Beim Mittag: Über die nicht anwesenden Kollegen tratschen. Anwesende über deren Meinung zu diversen Vorgesetzten aushorchen und sie zu Statements peitschen. Wer weiß, vielleicht kann man da noch mal was von gebrauchen. Naja, und wenn nicht, dann wird halt was erfunden. Das Leben kann so einfach sein.

Nach dem Mittag: Boah eh, erstmal ne Pause. Nachzählen der verbrauchten Wörter. 15000 darf man ja als Frau. Gott sei Dank, noch nicht alle benutzt. Dann kanns ja weitergehen.
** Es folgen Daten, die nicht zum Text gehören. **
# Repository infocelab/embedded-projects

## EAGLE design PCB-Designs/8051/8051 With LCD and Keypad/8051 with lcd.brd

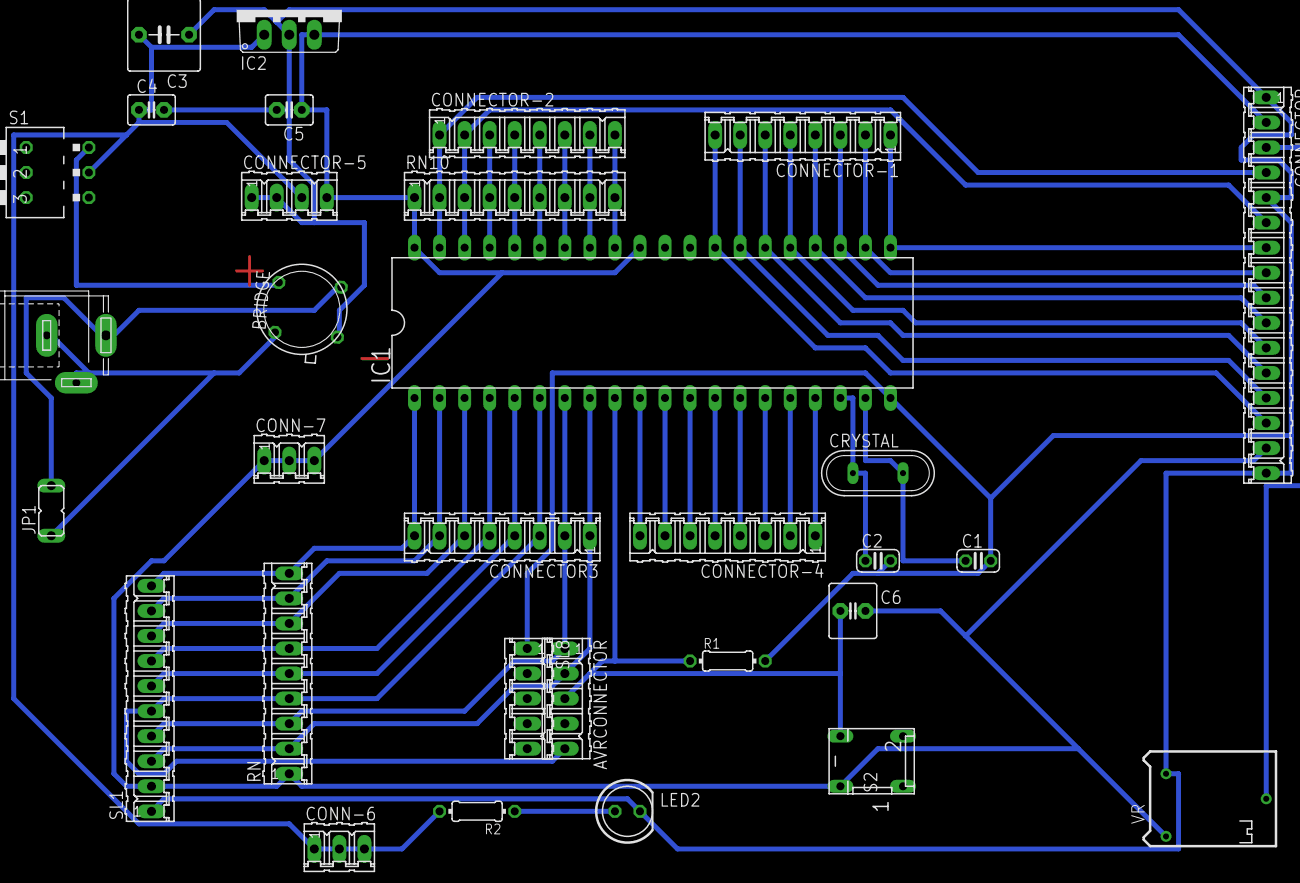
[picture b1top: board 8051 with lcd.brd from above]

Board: 2 copper layers, 31 parts (0 on the bottom side), 43 nets.

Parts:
AVRCONNECTOR: 05P
BRIDGE: TO39/4
C1, C2: 33pf; C025-024X044
C3: 470uf; C5B7.2
C4: .01uf; C2.5-3
C5: 4.7uf; C2.5-3
C6: 0.1uf; C2.5-6
CONN-6, CONN-7: 3 pin; 03P
CONNECTOR: LCD; 16P
CONNECTOR3: 8 pin; 08P
CONNECTOR-1, CONNECTOR-2, CONNECTOR-4: 8 pin; 08P
CONNECTOR-5: 4 pin; 04P
CRYSTAL: 11.0592 mhz; QS
IC1: AT89S51; DIL40
IC2: 7805TV; TO220V
J1: SPC4077
JP1: TRANSFORMER; JP1
LED2: 5mm; LED5MM
R1: 10k; 0204/7
R2: 560E; 0204/7
RN: 10K; 09P
RN10: 10 k; 09P
S1: ON/ OFF SWITCH; DA-03
S2: push switch; DP-02
SL1: keypad; 10P
SL8: 05P
VR: 10k; RTRIM64P

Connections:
unnamed: C2.1, CRYSTAL.1, IC1.18
unnamed: C1.1, CRYSTAL.2, IC1.19
unnamed: C3.2, C4.1, CONN-6.1, CONN-6.2, CONN-6.3, CONNECTOR-5.3, IC2.1, R2.2, S1.5
unnamed: BRIDGE.2, J1.3, JP1.2
unnamed: CONNECTOR-4.8, IC1.10
unnamed: CONNECTOR-4.7, IC1.11
unnamed: CONNECTOR-4.6, IC1.12
unnamed: CONNECTOR-4.5, IC1.13
unnamed: CONNECTOR-4.4, IC1.14
unnamed: CONNECTOR-4.3, IC1.15
unnamed: CONNECTOR-4.2, IC1.16
unnamed: CONNECTOR-4.1, IC1.17
unnamed: AVRCONNECTOR.3, C6.1, IC1.9, R1.1, S2.3
unnamed: AVRCONNECTOR.1, CONNECTOR3.2, IC1.7, RN.3, SL1.4
unnamed: BRIDGE.4, J1.1, J1.2, JP1.1
unnamed: CONNECTOR3.4, IC1.5, RN.5, SL1.6
unnamed: CONNECTOR3.5, IC1.4, RN.6, SL1.7
unnamed: CONNECTOR3.6, IC1.3, RN.7, SL1.8
unnamed: CONNECTOR3.7, IC1.2, RN.8, SL1.9
unnamed: CONNECTOR3.8, IC1.1, RN.9, SL1.10
unnamed: CONNECTOR-2.3, IC1.37, RN10.4
unnamed: CONNECTOR-2.4, IC1.36, RN10.5
unnamed: CONNECTOR-2.5, IC1.35, RN10.6
unnamed: CONNECTOR-2.6, IC1.34, RN10.7
unnamed: CONNECTOR-2.7, IC1.33, RN10.8
unnamed: CONNECTOR-2.8, IC1.32, RN10.9
unnamed: CONNECTOR.7, CONNECTOR-1.1, IC1.21
unnamed: CONNECTOR.8, CONNECTOR-1.2, IC1.22
unnamed: CONNECTOR.9, CONNECTOR-1.3, IC1.23
unnamed: CONNECTOR.12, CONNECTOR-1.6, IC1.26
unnamed: CONNECTOR.3, VR.2
unnamed: C5.1, C6.2, CONN-7.1, CONN-7.2, CONN-7.3, CONNECTOR.2, CONNECTOR.15, CONNECTOR-5.4, IC1.31, IC1.40, IC2.3, RN.1, RN10.1, S2.4, SL1.2, VR.1
unnamed: BRIDGE.1, C1.2, C2.2, C3.1, C4.2, C5.2, CONNECTOR.1, CONNECTOR.5, CONNECTOR.16, CONNECTOR-5.1, CONNECTOR-5.2, IC1.20, IC2.2, LED2.K, R1.2, SL1.1, SL8.1, VR.3
unnamed: AVRCONNECTOR.5, CONNECTOR3.3, IC1.6, RN.4, SL1.5
unnamed: LED2.A, R2.1
unnamed: AVRCONNECTOR.2, CONNECTOR3.1, IC1.8, RN.2, SL1.3
unnamed: BRIDGE.3, S1.6
unnamed: CONNECTOR.6, CONNECTOR-2.2, IC1.38, RN10.3
unnamed: CONNECTOR.10, CONNECTOR-1.4, IC1.24
unnamed: CONNECTOR.11, CONNECTOR-1.5, IC1.25
unnamed: CONNECTOR.13, CONNECTOR-1.7, IC1.27
unnamed: CONNECTOR.14, CONNECTOR-1.8, IC1.28
unnamed: CONNECTOR.4, CONNECTOR-2.1, IC1.39, RN10.2

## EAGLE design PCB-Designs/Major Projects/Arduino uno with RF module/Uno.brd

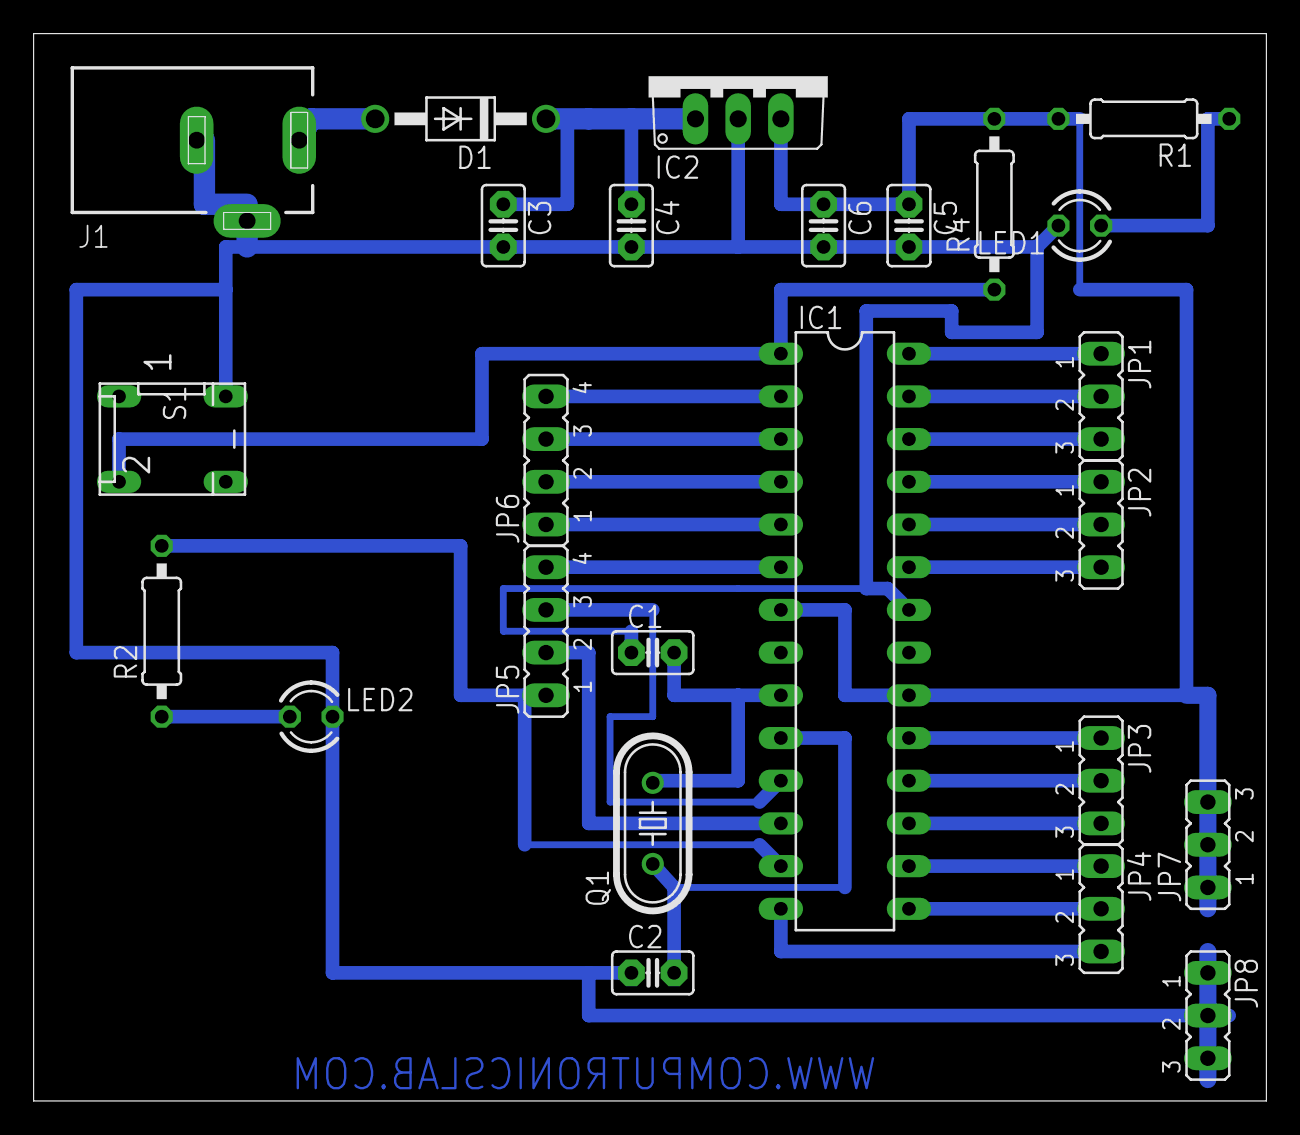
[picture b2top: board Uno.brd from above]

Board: 2 copper layers, 73.3 x 63.5 mm, 25 parts (0 on the bottom side), 29 nets.

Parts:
C1, C2: 22pf; C2.5-2
C3: 100UF; C2.5-2
C4, C5: 0.1uf; C2.5-2
C6: 4.7uf; C2.5-2
D1: 1N4007; DO41-10
IC1: ATMEGA328; DIL28-3
IC2: 7805; TO220V
J1: DCJ0303
JP1, JP2, JP3, JP4, JP7, JP8: JP2
JP5, JP6: JP4
LED1, LED2: LED3MM
Q1: 12MHZ; HC49/S
R1: 220R; 0207/10
R2: 330R; 0207/10
R4: 10K; 0207/10
S1: DP-02

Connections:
unnamed: C1.2, IC1.9, Q1.2
unnamed: C2.2, IC1.10, Q1.1
unnamed: D1.A, J1.1
unnamed: C5.1, C6.1, IC1.7, IC1.20, IC2.3, R1.2, R4.2
unnamed: C1.1, C2.1, C3.2, C4.2, C5.2, C6.2, IC1.22, IC2.2, J1.2, J1.3, LED1.K, LED2.K, S1.4
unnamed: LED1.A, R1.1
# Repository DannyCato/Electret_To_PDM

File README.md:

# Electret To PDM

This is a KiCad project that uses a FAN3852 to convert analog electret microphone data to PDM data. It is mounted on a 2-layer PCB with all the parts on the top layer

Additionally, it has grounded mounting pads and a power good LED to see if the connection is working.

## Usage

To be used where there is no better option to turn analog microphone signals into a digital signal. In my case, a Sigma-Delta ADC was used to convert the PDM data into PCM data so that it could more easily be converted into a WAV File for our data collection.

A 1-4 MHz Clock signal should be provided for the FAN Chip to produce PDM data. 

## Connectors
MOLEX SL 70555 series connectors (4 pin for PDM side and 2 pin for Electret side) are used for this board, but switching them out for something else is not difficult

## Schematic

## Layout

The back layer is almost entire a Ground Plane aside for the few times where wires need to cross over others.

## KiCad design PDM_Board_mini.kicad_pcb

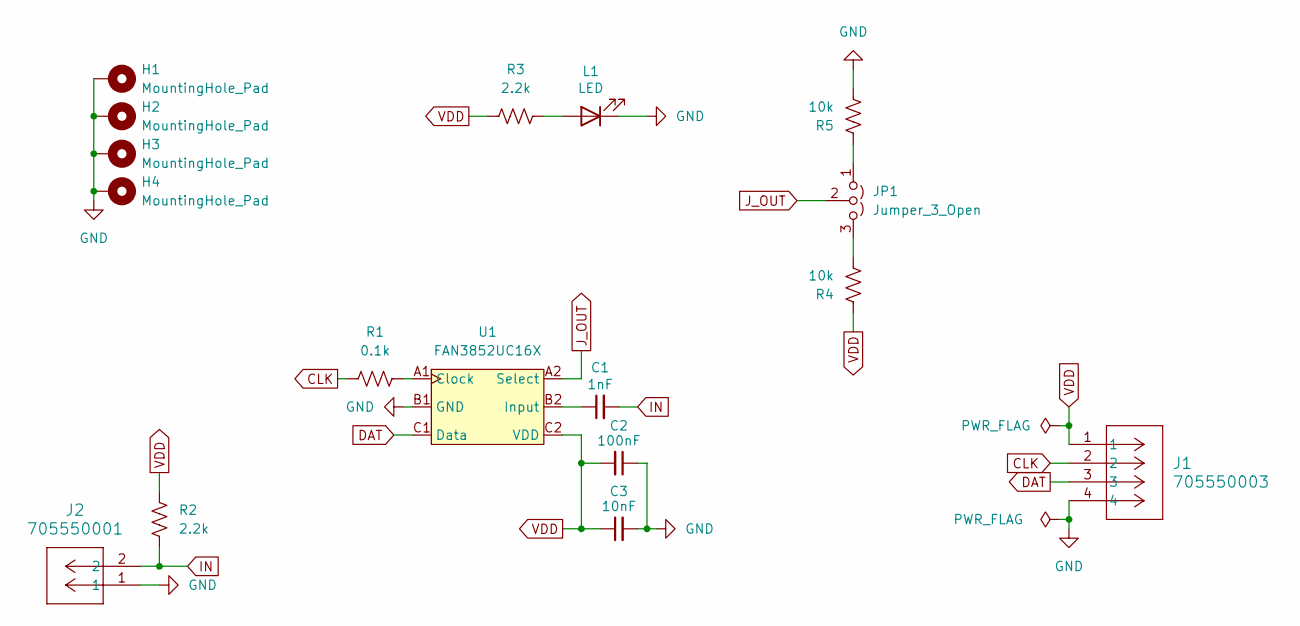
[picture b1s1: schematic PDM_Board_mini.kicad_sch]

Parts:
C1: 1nF; C_0402_1005Metric_Pad0.74x0.62mm_HandSolder
C2: 100nF; C_0603_1608Metric_Pad1.08x0.95mm_HandSolder
C3: 10nF; C_0603_1608Metric_Pad1.08x0.95mm_HandSolder
H1, H2, H3, H4: MountingHole_Pad; MountingHole_2.2mm_M2_Pad
J1: 705550003; MOLEX_SL_7055503_4PRA
J2: 705550001; MOLEX_SL_7055501_2PRA
JP1: Jumper_3_Open; PinHeader_1x03_P2.54mm_Vertical
L1: LED; LED_0603_1608Metric_Pad1.05x0.95mm_HandSolder
R1: 0.1k; R_0402_1005Metric_Pad0.72x0.64mm_HandSolder
R2, R3: 2.2k; R_0603_1608Metric_Pad0.98x0.95mm_HandSolder
R4, R5: 10k; R_0603_1608Metric_Pad0.98x0.95mm_HandSolder
U1: FAN3852UC16X; BGA6C40P2X3_84X124X50

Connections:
CLK: J1.2, R1.1
DAT: J1.3, U1.C1 (Data)
GND: C2.1, C3.2, H1.1 (1_1), H2.1 (1_1), H3.1 (1_1), H4.1 (1_1), J1.4, J2.1, L1.1 (K), R5.1, U1.B1 (GND)
IN: C1.2, J2.2, R2.2
J_OUT: JP1.2 (C), U1.A2 (Select)
unnamed: JP1.1 (A), R5.2
unnamed: JP1.3 (B), R4.1
unnamed: L1.2 (A), R3.1
unnamed: R1.2, U1.A1 (Clock)
unnamed: C1.1, U1.B2 (Input)
VDD: C2.2, C3.1, J1.1, R2.1, R3.2, R4.2, U1.C2 (VDD)

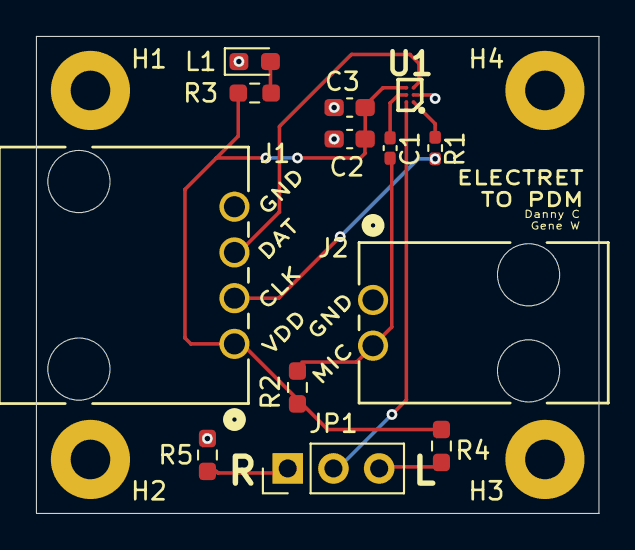
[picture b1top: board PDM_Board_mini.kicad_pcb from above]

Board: 2 copper layers, 31.2 x 26.5 mm, 17 parts (0 on the bottom side), 11 nets.

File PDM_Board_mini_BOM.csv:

"Reference","Qty","Value","DNP","Exclude from BOM","Exclude from Board","Footprint","Datasheet"
"C1","1","1nF","","","","Capacitor_SMD:C_0402_1005Metric_Pad0.74x0.62mm_HandSolder",""
"C2","1","100nF","","","","Capacitor_SMD:C_0603_1608Metric_Pad1.08x0.95mm_HandSolder",""
"C3","1","10nF","","","","Capacitor_SMD:C_0603_1608Metric_Pad1.08x0.95mm_HandSolder",""
"J1","1","705550003","","","","pdm_board_mini_library:MOLEX_SL_7055503_4PRA","https://www.molex.com/en-us/products/part-detail-pdf/7055500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"
"J2","1","705550001","","","","pdm_board_mini_library:MOLEX_SL_7055501_2PRA","https://www.molex.com/en-us/products/part-detail-pdf/7055500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"
"L1","1","LED","","","","LED_SMD:LED_0603_1608Metric_Pad1.05x0.95mm_HandSolder",""
"R1","1","0.1k","","","","Resistor_SMD:R_0402_1005Metric_Pad0.72x0.64mm_HandSolder",""
"R2,R3","2","2.2k","","","","Resistor_SMD:R_0603_1608Metric_Pad0.98x0.95mm_HandSolder",""
"R4,R5","2","10k","","","","Resistor_SMD:R_0603_1608Metric_Pad0.98x0.95mm_HandSolder",""
"U1","1","FAN3852UC16X","","","","pdm_board_mini_library:BGA6C40P2X3_84X124X50","https://www.onsemi.com/download/data-sheet/pdf/fan3852-d.pdf"

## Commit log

2026-05-06 Initial snapshot: 23 files changed fp-lib-table 4/0/0 Gerber/PDM_Board_mini-B_Cu.gbr 2188/0/0 Gerber/PDM_Board_mini-B_Mask.gbr 2040/0/0 Gerber/PDM_Board_mini-B_Paste.gbr 1995/0/0 Gerber/PDM_Board_min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
2026-05-06 Project complete
2026-05-06 Updating .gitignore
2026-05-06 Final PCB stuffs
2026-05-06 Add License
2026-05-06 Add images of schematic and layout
2026-05-06 Add FAN3852 datasheet and application note
2026-05-06 Updated PCB to 2 layer with components on only 1 side
2026-05-06 Intermediate change that should be pushed
2026-05-06 Added new gerber and image for 2 side pcb
2026-05-06 Position file added
2026-05-06 Remove ugly lock files
2026-05-06 Rename Gerber to Manufacturing Output
2026-05-07 Redo gerber, drill, and pos with correct offsets

Schichtwechsel bei den Schwestern: Man, wie gut dass die Frühschicht weg ist. Jetzt kann man erstmal ordentlich mit der Spätschicht auswerten, was die sich alles geleistet haben. Erneutes Herziehen über eine kranke Kollegin und die Schwangere, die überall Extrawürste gebraten kriegt und ja nur schwanger geworden ist, um keine Dienste mehr machen zu müssen. Während die Kollegen auf Station wie die Duracell-Häschen rackern, ist noch etwas Zeit beim 3. oder 4. Käffchen über die Sekretärin ein paar Sachen loszuwerden. Sabber tritt vor den Klatschbasenmund. Jetzt ist man kurz vor dem Gerüchte-Orgasmus. Wer hätte gedacht, dass das heute noch so ein schöner Tag wird. Uff, bei der Zigarette danach kann man sich dann gleich mal über die Kollegen der ITS informieren, denn das schöne is ja: Man trifft auch mal auf Gleichgesinnte.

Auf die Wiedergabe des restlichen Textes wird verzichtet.